3. In a case where different minds may reasonably draw different conclusions or inferences from the adduced evidence, or if there is a conflict in the evidence as to whether or not the evidence establishes negligence or contributory negligence, and the degree thereof, when one is compared with the other, such issues must be submitted to a jury.

4. Proximate cause, as used in the law of negligence, is that cause which in a natural sequence, unbroken by any efficient intervening cause, produces the injury, and without which the accident could not have happened.

5. As a general rule it is negligence as a matter of law for a motorist to drive an automobile on a highway in such a manner that he cannot stop in time to avoid a collision with an object within the range of his vision.

6. Exceptions to the general rule are situations where on streets or highways the nature of the object or its condition or color in relation to the street or highway may be such as to affect immediate visibility.

7. Exceptions do not extend to that which is clearly seen or in the exercise of ordinary care would or should have been seen.

8. In a negligence case the sudden emergency rule cannot be invoked by a party unless there is competent evidence to support a conclusion that a sudden emergency actually existed, unless the party invoking it has not brought the emergency on by his own act, and unless he has used due care to avoid it.

J. L. Thorpe and G. T. Burr, Sidney, for appellant.

Martin, Davis & Mattoon, Sidney, for appellees.

Heard before SIMMONS, C. J., and CARTER, MESSMORE, YEAGER, CHAPPELL, WENKE, and BOSLAUGH, JJ.

YEAGER, Justice.

This is an action in two causes of action by Minnie E. Dryer, plaintiff and appellant, against Eugene H. Malm and Joe Vetchek, defendants and appellees. The first cause of action is for damages for personal injuries which the plaintiff claims were caused by the negligence of the defendants. The second cause of action is for hospital and miscellaneous expenses incurred by H. G. Dryer, the husband of plaintiff, in the care and treatment of plaintiff, which it is claimed were made necessary by the negligence of the defendants. The claim for these expenses was duly assigned to plaintiff.

The case came on for a trial to a jury. At the conclusion of plaintiff's evidence, the defendant Malm made a motion for dismissal of plaintiff's petition or in the alternative that a verdict be directed in favor of the defendant and against the plaintiff. The motion to dismiss was sustained and judgment was rendered accordingly. The plaintiff filed a motion for new trial which was overruled. From the judgment and the order overruling the motion for new trial the plaintiff has appealed.

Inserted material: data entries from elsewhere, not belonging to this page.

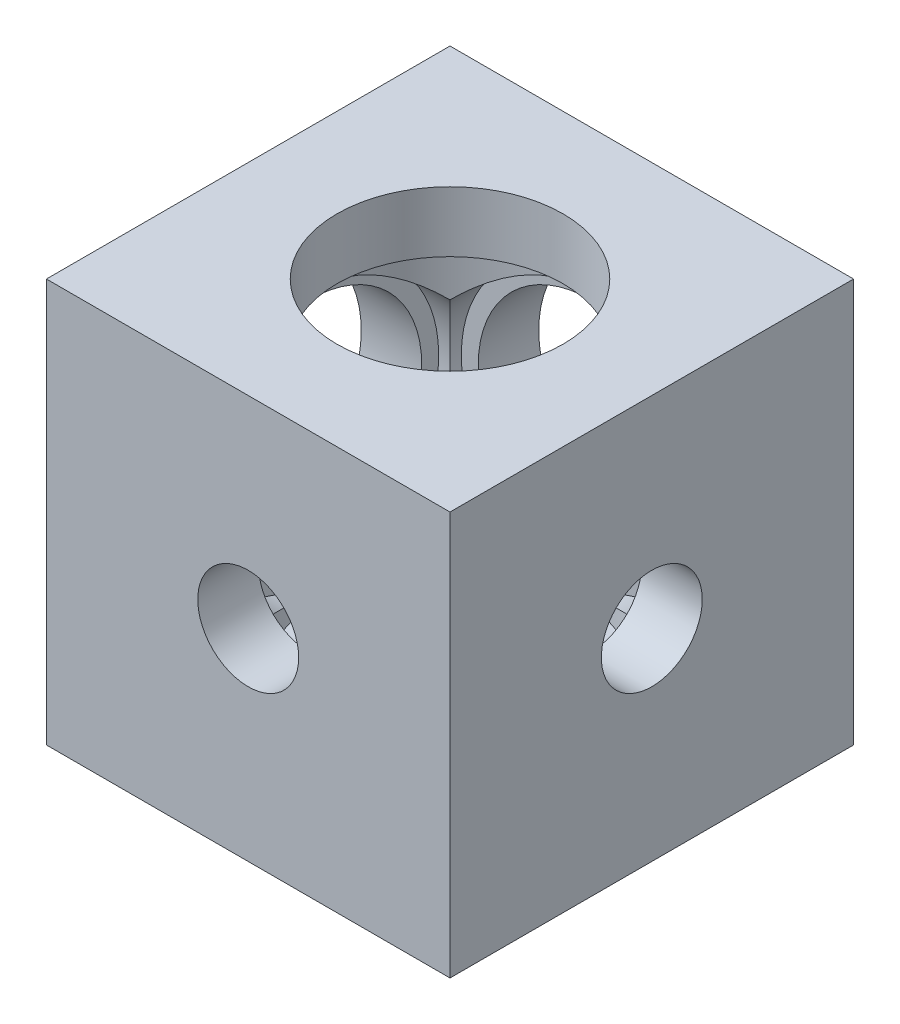
ISO-10303-21;
HEADER;
FILE_DESCRIPTION(('STEP AP214'),'2;1');
FILE_NAME('part.step','',(''),(''),'','','');
FILE_SCHEMA(('AUTOMOTIVE_DESIGN { 1 0 10303 214 1 1 1 1 }'));
ENDSEC;
DATA;
#1=APPLICATION_CONTEXT('core data for automotive mechanical design processes');
#2=APPLICATION_PROTOCOL_DEFINITION('international standard','automotive_design',2000,#1);
#3=PRODUCT_CONTEXT('',#1,'mechanical');
#4=PRODUCT('Part','Part','',(#3));
#5=PRODUCT_RELATED_PRODUCT_CATEGORY('part','',(#4));
#6=PRODUCT_DEFINITION_FORMATION('','',#4);
#7=PRODUCT_DEFINITION_CONTEXT('part definition',#1,'design');
#8=PRODUCT_DEFINITION('design','',#6,#7);
#9=PRODUCT_DEFINITION_SHAPE('','',#8);
#10=(LENGTH_UNIT() NAMED_UNIT(*) SI_UNIT(.MILLI.,.METRE.));
#11=(NAMED_UNIT(*) PLANE_ANGLE_UNIT() SI_UNIT($,.RADIAN.));
#12=(NAMED_UNIT(*) SI_UNIT($,.STERADIAN.) SOLID_ANGLE_UNIT());
#13=UNCERTAINTY_MEASURE_WITH_UNIT(LENGTH_MEASURE(1.E-05),#10,'distance_accuracy_value','');
#14=(GEOMETRIC_REPRESENTATION_CONTEXT(3) GLOBAL_UNCERTAINTY_ASSIGNED_CONTEXT((#13)) GLOBAL_UNIT_ASSIGNED_CONTEXT((#10,
#11,#12)) REPRESENTATION_CONTEXT('',''));
#15=CARTESIAN_POINT('',(0.,0.,0.));
#16=DIRECTION('',(0.,0.,1.));
#17=DIRECTION('',(1.,0.,0.));
#18=AXIS2_PLACEMENT_3D('',#15,#16,#17);
#19=CARTESIAN_POINT('',(0.,20.,0.));
#20=DIRECTION('',(0.,1.,0.));
#21=DIRECTION('',(0.,0.,1.));
#22=AXIS2_PLACEMENT_3D('',#19,#20,#21);
#23=CYLINDRICAL_SURFACE('',#22,6.4389);
#24=CARTESIAN_POINT('',(0.,10.,0.));
#25=DIRECTION('',(0.,0.707106781186548,-0.707106781186548));
#26=DIRECTION('',(0.,0.707106781186548,0.707106781186548));
#27=AXIS2_PLACEMENT_3D('',#24,#25,#26);
#28=ELLIPSE('',#27,9.10597970676411,6.4389);
#29=CARTESIAN_POINT('',(4.55298985338206,5.44701014661794,-4.55298985338206));
#30=VERTEX_POINT('',#29);
#31=CARTESIAN_POINT('',(-4.55298985338206,5.44701014661794,-4.55298985338206));
#32=VERTEX_POINT('',#31);
#33=EDGE_CURVE('E104',#30,#32,#28,.T.);
#34=ORIENTED_EDGE('',*,*,#33,.T.);
#35=CARTESIAN_POINT('',(0.,10.,0.));
#36=DIRECTION('',(-0.707106781186548,0.707106781186548,0.));
#37=DIRECTION('',(0.707106781186548,0.707106781186548,0.));
#38=AXIS2_PLACEMENT_3D('',#35,#36,#37);
#39=ELLIPSE('',#38,9.10597970676412,6.4389);
#40=CARTESIAN_POINT('',(-4.55298985338206,5.44701014661794,4.55298985338206));
#41=VERTEX_POINT('',#40);
#42=EDGE_CURVE('E139',#32,#41,#39,.T.);
#43=ORIENTED_EDGE('',*,*,#42,.T.);
#44=CARTESIAN_POINT('',(0.,10.,0.));
#45=DIRECTION('',(0.,0.707106781186548,0.707106781186548));
#46=DIRECTION('',(0.,0.707106781186548,-0.707106781186548));
#47=AXIS2_PLACEMENT_3D('',#44,#45,#46);
#48=ELLIPSE('',#47,9.10597970676411,6.4389);
#49=CARTESIAN_POINT('',(4.55298985338206,5.44701014661794,4.55298985338206));
#50=VERTEX_POINT('',#49);
#51=EDGE_CURVE('E98',#41,#50,#48,.T.);
#52=ORIENTED_EDGE('',*,*,#51,.T.);
#53=CARTESIAN_POINT('',(0.,10.,0.));
#54=DIRECTION('',(0.707106781186548,0.707106781186548,0.));
#55=DIRECTION('',(-0.707106781186548,0.707106781186548,0.));
#56=AXIS2_PLACEMENT_3D('',#53,#54,#55);
#57=ELLIPSE('',#56,9.10597970676412,6.4389);
#58=EDGE_CURVE('E32',#50,#30,#57,.T.);
#59=ORIENTED_EDGE('',*,*,#58,.T.);
#60=EDGE_LOOP('',(#34,#43,#52,#59));
#61=FACE_BOUND('',#60,.T.);
#62=CARTESIAN_POINT('',(0.,3.,0.));
#63=DIRECTION('',(0.,-1.,0.));
#64=DIRECTION('',(0.,0.,-1.));
#65=AXIS2_PLACEMENT_3D('',#62,#63,#64);
#66=CIRCLE('',#65,6.4389);
#67=CARTESIAN_POINT('',(0.,3.,-6.4389));
#68=VERTEX_POINT('',#67);
#69=EDGE_CURVE('E11',#68,#68,#66,.F.);
#70=ORIENTED_EDGE('',*,*,#69,.F.);
#71=EDGE_LOOP('',(#70));
#72=FACE_BOUND('',#71,.T.);
#73=ADVANCED_FACE('F17',(#61,#72),#23,.F.);
#74=CARTESIAN_POINT('',(-10.,10.,0.));
#75=DIRECTION('',(-1.,0.,0.));
#76=DIRECTION('',(0.,0.,1.));
#77=AXIS2_PLACEMENT_3D('',#74,#75,#76);
#78=CYLINDRICAL_SURFACE('',#77,6.4389);
#79=ORIENTED_EDGE('',*,*,#58,.F.);
#80=CARTESIAN_POINT('',(0.,10.,0.));
#81=DIRECTION('',(0.707106781186548,0.,-0.707106781186548));
#82=DIRECTION('',(-0.707106781186548,0.,-0.707106781186548));
#83=AXIS2_PLACEMENT_3D('',#80,#81,#82);
#84=ELLIPSE('',#83,9.10597970676412,6.4389);
#85=CARTESIAN_POINT('',(4.55298985338206,14.5529898533821,4.55298985338206));
#86=VERTEX_POINT('',#85);
#87=EDGE_CURVE('E140',#86,#50,#84,.T.);
#88=ORIENTED_EDGE('',*,*,#87,.F.);
#89=CARTESIAN_POINT('',(0.,10.,0.));
#90=DIRECTION('',(-0.707106781186548,0.707106781186548,0.));
#91=DIRECTION('',(0.707106781186548,0.707106781186548,0.));
#92=AXIS2_PLACEMENT_3D('',#89,#90,#91);
#93=ELLIPSE('',#92,9.10597970676412,6.4389);
#94=CARTESIAN_POINT('',(4.55298985338206,14.5529898533821,-4.55298985338206));
#95=VERTEX_POINT('',#94);
#96=EDGE_CURVE('E89',#95,#86,#93,.F.);
#97=ORIENTED_EDGE('',*,*,#96,.F.);
#98=CARTESIAN_POINT('',(0.,10.,0.));
#99=DIRECTION('',(-0.707106781186548,0.,-0.707106781186548));
#100=DIRECTION('',(0.707106781186548,0.,-0.707106781186548));
#101=AXIS2_PLACEMENT_3D('',#98,#99,#100);
#102=ELLIPSE('',#101,9.10597970676412,6.4389);
#103=EDGE_CURVE('E146',#30,#95,#102,.F.);
#104=ORIENTED_EDGE('',*,*,#103,.F.);
#105=EDGE_LOOP('',(#79,#88,#97,#104));
#106=FACE_BOUND('',#105,.T.);
#107=CARTESIAN_POINT('',(7.,10.,0.));
#108=DIRECTION('',(1.,0.,0.));
#109=DIRECTION('',(0.,0.,-1.));
#110=AXIS2_PLACEMENT_3D('',#107,#108,#109);
#111=CIRCLE('',#110,6.4389);
#112=CARTESIAN_POINT('',(7.,10.,-6.4389));
#113=VERTEX_POINT('',#112);
#114=EDGE_CURVE('E25',#113,#113,#111,.F.);
#115=ORIENTED_EDGE('',*,*,#114,.F.);
#116=EDGE_LOOP('',(#115));
#117=FACE_BOUND('',#116,.T.);
#118=ADVANCED_FACE('F226',(#106,#117),#78,.F.);
#119=CARTESIAN_POINT('',(0.,10.,-10.));
#120=DIRECTION('',(0.,0.,-1.));
#121=DIRECTION('',(-1.,0.,0.));
#122=AXIS2_PLACEMENT_3D('',#119,#120,#121);
#123=CYLINDRICAL_SURFACE('',#122,6.4389);
#124=ORIENTED_EDGE('',*,*,#51,.F.);
#125=CARTESIAN_POINT('',(0.,10.,0.));
#126=DIRECTION('',(-0.707106781186548,0.,-0.707106781186548));
#127=DIRECTION('',(0.707106781186548,0.,-0.707106781186548));
#128=AXIS2_PLACEMENT_3D('',#125,#126,#127);
#129=ELLIPSE('',#128,9.10597970676412,6.4389);
#130=CARTESIAN_POINT('',(-4.55298985338206,14.5529898533821,4.55298985338206));
#131=VERTEX_POINT('',#130);
#132=EDGE_CURVE('E83',#41,#131,#129,.T.);
#133=ORIENTED_EDGE('',*,*,#132,.T.);
#134=CARTESIAN_POINT('',(0.,10.,0.));
#135=DIRECTION('',(0.,0.707106781186548,-0.707106781186548));
#136=DIRECTION('',(0.,0.707106781186548,0.707106781186548));
#137=AXIS2_PLACEMENT_3D('',#134,#135,#136);
#138=ELLIPSE('',#137,9.10597970676411,6.4389);
#139=EDGE_CURVE('E90',#86,#131,#138,.F.);
#140=ORIENTED_EDGE('',*,*,#139,.F.);
#141=ORIENTED_EDGE('',*,*,#87,.T.);
#142=EDGE_LOOP('',(#124,#133,#140,#141));
#143=FACE_BOUND('',#142,.T.);
#144=CARTESIAN_POINT('',(0.,10.,7.));
#145=DIRECTION('',(0.,0.,1.));
#146=DIRECTION('',(1.,0.,0.));
#147=AXIS2_PLACEMENT_3D('',#144,#145,#146);
#148=CIRCLE('',#147,6.4389);
#149=CARTESIAN_POINT('',(6.4389,10.,7.));
#150=VERTEX_POINT('',#149);
#151=EDGE_CURVE('E460',#150,#150,#148,.F.);
#152=ORIENTED_EDGE('',*,*,#151,.F.);
#153=EDGE_LOOP('',(#152));
#154=FACE_BOUND('',#153,.T.);
#155=ADVANCED_FACE('F95',(#143,#154),#123,.F.);
#156=CARTESIAN_POINT('',(0.,10.,0.));
#157=DIRECTION('',(0.,0.707106781186548,0.707106781186548));
#158=DIRECTION('',(0.,0.707106781186548,-0.707106781186548));
#159=AXIS2_PLACEMENT_3D('',#156,#157,#158);
#160=ELLIPSE('',#159,9.10597970676411,6.4389);
#161=CARTESIAN_POINT('',(-4.55298985338206,14.5529898533821,-4.55298985338206));
#162=VERTEX_POINT('',#161);
#163=EDGE_CURVE('E135',#162,#95,#160,.F.);
#164=ORIENTED_EDGE('',*,*,#163,.T.);
#165=ORIENTED_EDGE('',*,*,#96,.T.);
#166=ORIENTED_EDGE('',*,*,#139,.T.);
#167=CARTESIAN_POINT('',(0.,10.,0.));
#168=DIRECTION('',(0.707106781186548,0.707106781186548,0.));
#169=DIRECTION('',(-0.707106781186548,0.707106781186548,0.));
#170=AXIS2_PLACEMENT_3D('',#167,#168,#169);
#171=ELLIPSE('',#170,9.10597970676412,6.4389);
#172=EDGE_CURVE('E79',#131,#162,#171,.F.);
#173=ORIENTED_EDGE('',*,*,#172,.T.);
#174=EDGE_LOOP('',(#164,#165,#166,#173));
#175=FACE_BOUND('',#174,.T.);
#176=CARTESIAN_POINT('',(0.,17.,0.));
#177=DIRECTION('',(0.,1.,0.));
#178=DIRECTION('',(0.,0.,1.));
#179=AXIS2_PLACEMENT_3D('',#176,#177,#178);
#180=CIRCLE('',#179,6.4389);
#181=CARTESIAN_POINT('',(0.,17.,6.4389));
#182=VERTEX_POINT('',#181);
#183=EDGE_CURVE('E461',#182,#182,#180,.F.);
#184=ORIENTED_EDGE('',*,*,#183,.F.);
#185=EDGE_LOOP('',(#184));
#186=FACE_BOUND('',#185,.T.);
#187=ADVANCED_FACE('F102',(#175,#186),#23,.F.);
#188=ORIENTED_EDGE('',*,*,#33,.F.);
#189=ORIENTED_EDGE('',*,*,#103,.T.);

The motion to dismiss was predicated upon the contention of the defendant Malm that the evidence failed to establish the causes of action in favor of the plaintiff. The plaintiff asserts as ground for reversal that the court erroneously so found. This contention requires an analysis of plaintiff's first cause of action and the evidence in support thereof. The second cause must stand or fall with the first.

By her petition the plaintiff alleged, to the extent necessary to state here, that on February 4, 1954, at about 9:15 a. m., she was driving a 1951 Oldsmobile sedan in a westerly direction in a careful manner about 11 miles north and east of Dalton, Nebraska, on a graveled county road in Cheyenne County, Nebraska; that she passed over a knoll and as she did so she saw that to the west the entire roadway and the borrow pits on both sides were completely blocked with sheep; that she applied the brakes of the automobile and swung it to the north edge of the road and, seeing that she could not drive safely through the flock of sheep, she pulled to the left or south edge of the road and into the ditch where the automobile turned over and she was thrown out and injured; and that the accident was the result of negligence of the defendant Eugene H. Malm, owner of the sheep, and the defendant Joe Vetchek, the agent and servant of Malm, who was tending the sheep, in allowing them to block the highway. The particular specifications of negligence are that the flock of sheep were allowed to block the highway in such manner as to endanger the life and limb of motorists lawfully on the highway; in failing to warn motorists lawfully on the highway of the blockade caused by the sheep; and in permitting the sheep to be on the highway when by the exercise of ordinary care they knew or should have known that injury and damage would be the natural and probable consequences of the sheep being at large on the highway.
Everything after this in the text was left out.